A 43-year-old desegregation case involving the Hillsborough County, Fla., school system came to an end last week, as the U.S. Supreme Court declined to disturb a federal appeals court ruling that the district was no longer segregated.
The Oct. 1 action by the justices was one of several they took in education cases on the first day of their new term. The high court also rejected appeals involving the observance of Earth Day in public schools and the duty of school officials to protect a student from ongoing classroom bullying.
In Hillsborough County, which includes the city of Tampa, black families challenged segregated schools in 1958. A federal district judge ordered the first comprehensive desegregation plan for the district in 1971.
In 1998, a federal judge in Tampa rejected a federal magistrate’s recommendation that the Hillsborough district be declared unitary, or legally desegregated. The judge was not convinced that shifting demographics and residential patterns were the reason that 16 district schools still had ratios of African-American students that far exceeded the districtwide proportion.
But March 16, a three-judge panel of the U.S. Court of Appeals for the 11th Circuit, in Atlanta, reversed the district judge and ordered that the school system be released from its desegregation orders.
The NAACP Legal Defense and Educational Fund appealed the ruling to the Supreme Court in Manning v. School Board of Hillsborough County (Case No. 00-1871). The New York City-based civil rights group argued that the 11th Circuit court’s ruling improperly shifted the burden of proving that unitary status has been achieved from districts to desegregation plaintiffs.
The justices declined without comment to review the case. The high court has not taken on any desegregation cases since the early and middle 1990’s, when it issued several rulings instructing lower courts essentially to hasten the release of school districts from supervision.
In other action, the Supreme Court declined to hear the appeal of a mother in New York state who had objected to an observance of Earth Day in her daughters’ schools.
A federal district judge in 1999 ordered the 3,700-student Bedford Central district to halt several practices, including the Earth Day celebration, because worship of the Earth was a recognized religion known as Gaia. But a panel of the U.S. Court of Appeals for the 2nd Circuit, in New York City, reversed the judge in a March ruling.

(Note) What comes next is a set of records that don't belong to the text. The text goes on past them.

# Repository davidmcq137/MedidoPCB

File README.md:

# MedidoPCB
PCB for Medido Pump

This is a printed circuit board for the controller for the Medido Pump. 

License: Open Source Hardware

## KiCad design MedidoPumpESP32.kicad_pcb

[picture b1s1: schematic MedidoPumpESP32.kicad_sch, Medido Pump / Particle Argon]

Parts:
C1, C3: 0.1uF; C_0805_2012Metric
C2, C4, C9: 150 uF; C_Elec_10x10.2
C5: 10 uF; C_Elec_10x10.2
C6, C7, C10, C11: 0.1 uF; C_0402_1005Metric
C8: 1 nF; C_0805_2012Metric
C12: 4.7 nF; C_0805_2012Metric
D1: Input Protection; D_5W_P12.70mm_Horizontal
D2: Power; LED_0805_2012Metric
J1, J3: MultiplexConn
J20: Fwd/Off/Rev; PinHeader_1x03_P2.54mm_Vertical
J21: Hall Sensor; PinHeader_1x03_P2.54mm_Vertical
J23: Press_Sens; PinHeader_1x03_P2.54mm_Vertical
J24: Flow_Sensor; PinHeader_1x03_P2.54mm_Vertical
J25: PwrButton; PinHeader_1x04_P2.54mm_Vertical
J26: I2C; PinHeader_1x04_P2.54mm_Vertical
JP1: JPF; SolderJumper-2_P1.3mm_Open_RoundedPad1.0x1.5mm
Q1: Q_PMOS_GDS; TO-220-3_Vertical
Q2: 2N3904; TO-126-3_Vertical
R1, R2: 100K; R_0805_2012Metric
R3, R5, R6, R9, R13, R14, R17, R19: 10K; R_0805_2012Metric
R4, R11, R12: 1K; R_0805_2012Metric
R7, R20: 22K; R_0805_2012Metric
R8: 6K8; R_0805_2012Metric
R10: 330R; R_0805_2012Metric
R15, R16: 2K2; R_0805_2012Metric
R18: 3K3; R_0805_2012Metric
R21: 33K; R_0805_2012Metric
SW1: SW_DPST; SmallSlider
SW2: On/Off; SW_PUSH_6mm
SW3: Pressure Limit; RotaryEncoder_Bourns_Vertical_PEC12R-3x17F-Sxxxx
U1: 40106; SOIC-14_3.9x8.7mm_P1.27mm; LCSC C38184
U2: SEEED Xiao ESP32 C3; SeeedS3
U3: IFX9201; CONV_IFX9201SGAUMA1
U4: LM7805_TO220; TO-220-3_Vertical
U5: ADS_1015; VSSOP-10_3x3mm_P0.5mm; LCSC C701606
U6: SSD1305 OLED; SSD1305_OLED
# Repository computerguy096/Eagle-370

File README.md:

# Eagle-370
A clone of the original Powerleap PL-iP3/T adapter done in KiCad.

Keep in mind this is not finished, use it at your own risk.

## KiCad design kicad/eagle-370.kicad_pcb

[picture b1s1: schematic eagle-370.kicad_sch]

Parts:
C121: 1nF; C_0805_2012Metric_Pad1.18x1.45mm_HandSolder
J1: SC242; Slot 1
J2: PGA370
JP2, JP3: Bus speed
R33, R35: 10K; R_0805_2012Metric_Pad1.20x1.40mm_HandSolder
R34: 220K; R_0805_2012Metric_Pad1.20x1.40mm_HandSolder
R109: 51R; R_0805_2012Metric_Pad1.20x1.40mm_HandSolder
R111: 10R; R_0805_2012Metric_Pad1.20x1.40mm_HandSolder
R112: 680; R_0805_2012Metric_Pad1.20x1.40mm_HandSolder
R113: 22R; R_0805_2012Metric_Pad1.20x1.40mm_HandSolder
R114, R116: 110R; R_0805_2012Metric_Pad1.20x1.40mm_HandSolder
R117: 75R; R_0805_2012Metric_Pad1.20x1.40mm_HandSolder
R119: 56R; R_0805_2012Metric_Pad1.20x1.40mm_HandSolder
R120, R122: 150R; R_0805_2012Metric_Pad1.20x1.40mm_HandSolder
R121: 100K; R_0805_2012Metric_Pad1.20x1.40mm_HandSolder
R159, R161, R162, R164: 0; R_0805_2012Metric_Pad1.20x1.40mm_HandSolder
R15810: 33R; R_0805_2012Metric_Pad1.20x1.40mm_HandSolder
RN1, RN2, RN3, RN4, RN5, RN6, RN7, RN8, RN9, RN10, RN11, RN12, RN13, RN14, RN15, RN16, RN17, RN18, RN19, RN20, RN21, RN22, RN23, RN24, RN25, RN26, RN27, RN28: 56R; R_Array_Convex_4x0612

The appeals court said most of the mother’s challenges were moot because her children no longer attended the schools in question. But the appeals court also held that the Earth Day observance at a district high school did not amount to an unconstitutional establishment of religion.
The high court declined without comment to hear the appeal in DiBari v. Bedford Central School District (No. 00- 1932).
In the school bullying case, the court declined without comment to hear the appeal of a North Carolina father who alleged that school officials were indifferent to repeated physical attacks on his son by classmates.
Elmer W. Stevenson alleged that his son, Alex, was subjected to numerous beatings by classmates in fall 1998 while he was a 6th grader at Williamston Middle School in the 4,600-student Martin County, N.C., district.
Both a federal district court and the 4th Circuit court rejected Mr. Stevenson’s civil rights lawsuit. The appeals court ruled that there was no special relationship between the school district and the boy that required the district to protect him from harm by classmates.
The father’s appeal to the Supreme Court was Stevenson v. Martin County Boardof Education (No. 00-1821).
In another case, the justices declined to review an appeals court ruling that reinstated a former assistant principal’s lawsuit against an Arizona district under the Americans with Disabilities Act.
The 14,000-student Glendale Union High School District near Phoenix had sought to reassign Claudette Lutz from one school to another because of personal difficulties she was having with her principal. Ms. Lutz objected publicly to the change, saying it would worsen her diabetes. The district fired her, and she sued under the ADA.
A federal district judge dismissed the case, but the U.S. Court of Appeals for the 9th Circuit, in San Francisco, reinstated her ADA claim. The appeals court said the court had erred in ruling that Ms. Lutz wasn’t a qualified individual with a disability.
The district’s appeal was Glendale Union High School District v. Lutz (No. 01-98).